3. How does evolution know where to stop? The pressure to evolve is constant; therefore it is hard to understand why evolution isn't a constant. Yet sharks and turtles and insects have been around for hundreds of millions of years without apparent evolution except to diversify among their kind. These species stopped in place while others, notably hominids, kept evolving with tremendous speed, even though our primate ancestors didn't have to. The many species of monkeys which persist in original form tell us that human evolution, like the shark's, could have ended. Why didn't it?

4. Evolutionary biology is stuck with regard to simultaneous mutations. o­ne kind of primordial skin cell, for example, mutated into scales, fur, and feathers.
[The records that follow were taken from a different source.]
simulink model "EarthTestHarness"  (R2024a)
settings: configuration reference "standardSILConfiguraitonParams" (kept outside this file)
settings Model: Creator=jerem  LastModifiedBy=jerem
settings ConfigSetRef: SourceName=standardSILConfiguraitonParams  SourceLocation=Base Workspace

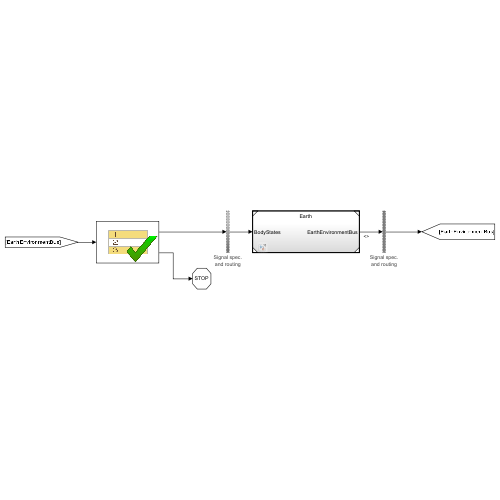
[thumbnail: Simulink's stored preview of the top-level diagram]
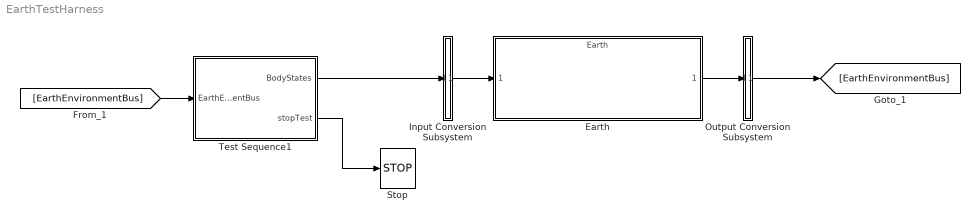
== system EarthTestHarness ==
  Earth : ModelReference  ModelNameDialog=Earth  SimulationMode=Normal  ModelReferenceVersion=1.22
  Input Conversion Subsystem : Subsystem  Tag=__SLT_ICS__  Description=|
      | Signal spec.
      | and routing
      settings: AttributesFormatString=%<Description>
  Output Conversion Subsystem : Subsystem  Tag=__SLT_OCS__  Description=|
      | Signal spec.
      | and routing
      mask init:
      | ICDictionary = get_param(bdroot, 'DataDictionary');
      | if isempty(ICDictionary)
      |    ICScope = Simulink.data.BaseWorkspace;
      | else
      |    ICScope = Simulink.data.DataDictionary(ICDictionary);
      | end
      | 
      | IC1 = Simulink.Bus.createMATLABStruct('EarthEnvironmentBus', [], [1 1], ICScope);
      settings: AttributesFormatString=%<Description>
  Stop : Stop
  Test Sequence1 : Test Sequence  TreatAsAtomicUnit=on
  wires:
  Test Sequence1/1(BodyStates) -> Input Conversion Subsystem/1(Inport_1)
  [EarthEnvironmentBus] -> Test Sequence1/1(EarthEnvironmentBus)
  Output Conversion Subsystem/1(Outport_1) -> [EarthEnvironmentBus]
  Test Sequence1/2(stopTest) -> Stop/1
  Earth/1 -> Output Conversion Subsystem/1(Inport_1)
  Input Conversion Subsystem/1(Outport_1) -> Earth/1

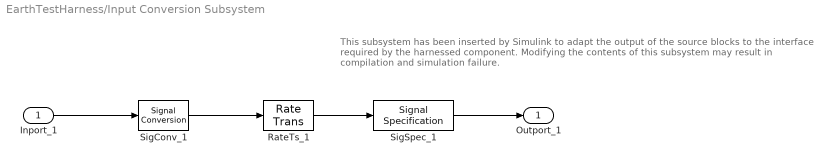
== system EarthTestHarness/Input Conversion Subsystem ==
  note: This subsystem has been inserted by Simulink to adapt the output of the source blocks to the interface required by the harnessed component.
      |  Modifying the contents of this subsystem may result in compilation and simulation failure.
  Inport_1 : Inport
  RateTs_1 : RateTransition  OutPortSampleTime=0.004
  SigConv_1 : SignalConversion  ConversionOutput=Virtual bus  OverrideOpt=off
  SigSpec_1 : SignalSpecification  OutDataTypeStr=Bus: BodyStateBus  SampleTime=0.004
  Outport_1 : Outport
  wires:
  SigSpec_1/1 -> Outport_1/1
  RateTs_1/1 -> SigSpec_1/1
  SigConv_1/1 -> RateTs_1/1
  Inport_1/1 -> SigConv_1/1

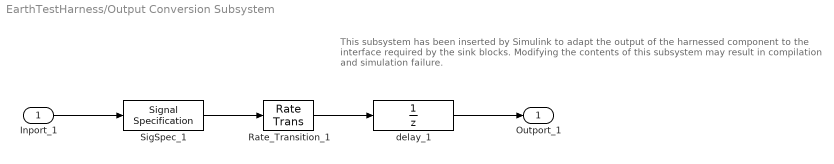
== system EarthTestHarness/Output Conversion Subsystem ==
  note: This subsystem has been inserted by Simulink to adapt the output of the harnessed component to the interface required by the sink blocks.
      |  Modifying the contents of this subsystem may result in compilation and simulation failure.
  Inport_1 : Inport
  Rate_Transition_1 : RateTransition  OutPortSampleTimeOpt=Inherit
  SigSpec_1 : SignalSpecification  OutDataTypeStr=Bus: EarthEnvironmentBus  Dimensions=[1]  SampleTime=0.004
  delay_1 : UnitDelay  InitialCondition=IC1  SampleTime=-1
  Outport_1 : Outport
  wires:
  Inport_1/1 -> SigSpec_1/1
  SigSpec_1/1 -> Rate_Transition_1/1
  Rate_Transition_1/1 -> delay_1/1
  delay_1/1 -> Outport_1/1

== stateflow chart EarthTestHarness/Test Sequence1 ==
  state Scenario_1
    state Initialize
      stopTest = false;
      BodyStates.aircraftPosInNED_m = [0;0;0];
      fieldX_nT = EarthEnvironmentBus.worldMagneticFieldInNED_nT(1);
      fieldY_nT = EarthEnvironmentBus.worldMagneticFieldInNED_nT(2);
      fieldZ_nT = EarthEnvironmentBus.worldMagneticFieldInNED_nT(3);
      gravLow_mps2 = EarthEnvironmentBus.gravityScalar_mps2;
    state changeAircraftPOSZ
      BodyStates.aircraftPosInNED_m = [100000;200000;-1000000];
    state verifyAircraftZChange
      verify(gravLow_mps2  > EarthEnvironmentBus.gravityScalar_mps2);
    state EndTest
      stopTest = true;
    (default) -> Initialize
    changeAircraftPOSZ -> verifyAircraftZChange : [
        | after(2,sec)
        | ]
    Initialize -> changeAircraftPOSZ : [
        | after(3,sec)
        | ]
    verifyAircraftZChange -> EndTest : [
        | after(2,sec)
        | ]
  (default) -> Scenario_1 : {assert(Active_Scenario_Index == 1,'The value of Scenario Parameter ''Active_Scenario_Index'' is not valid. Use the index of the scenario to specify it.')}
  data: EarthEnvironmentBus input Bus: EarthEnvironmentBus size=[1]; BodyStates output Bus: BodyStateBus size=[1]; Active_Scenario_Index parameter =1; stopTest output; gravLow_mps2 local; fieldX_nT local; fieldZ_nT local; fieldY_nT local

These are hugely different adaptations, and each is tremendously complex. How could o­ne kind of cell take three different routes purely at random?

5. If design doesn't imply intelligence, why are we so intelligent? The human body is composed of cells that evolved from o­ne-celled blue-green algae, yet that algae is still around. Why did DNA pursue the path of greater and greater intelligence when it could have perfectly survived in o­ne-celled plants and animals, as in fact it did?

6. Why do forms replicate themselves without apparent need? The helix or spiral shape found in the shell of the chambered nautilus, the center of sunflowers, spiral galaxies, and DNA itself seems to be such a replication. It is mathematically elegant and appears to be a design that was suited for hundreds of totally unrelated functions in nature.

7. What happens when simple molecules come into contact with life? Oxygen is a simple molecule in the atmosphere, but o­nce it enters our lungs, it becomes part of the cellular machinery, and far from wandering about randomly, it precisely joins itself with other simple molecules, and together they perform cellular tasks, such as protein-building, whose precision is millions of times greater than anything else seen in nature. If the oxygen doesn't change physically — and it doesn't — what invisible change causes it to acquire intelligence the instant it contacts life?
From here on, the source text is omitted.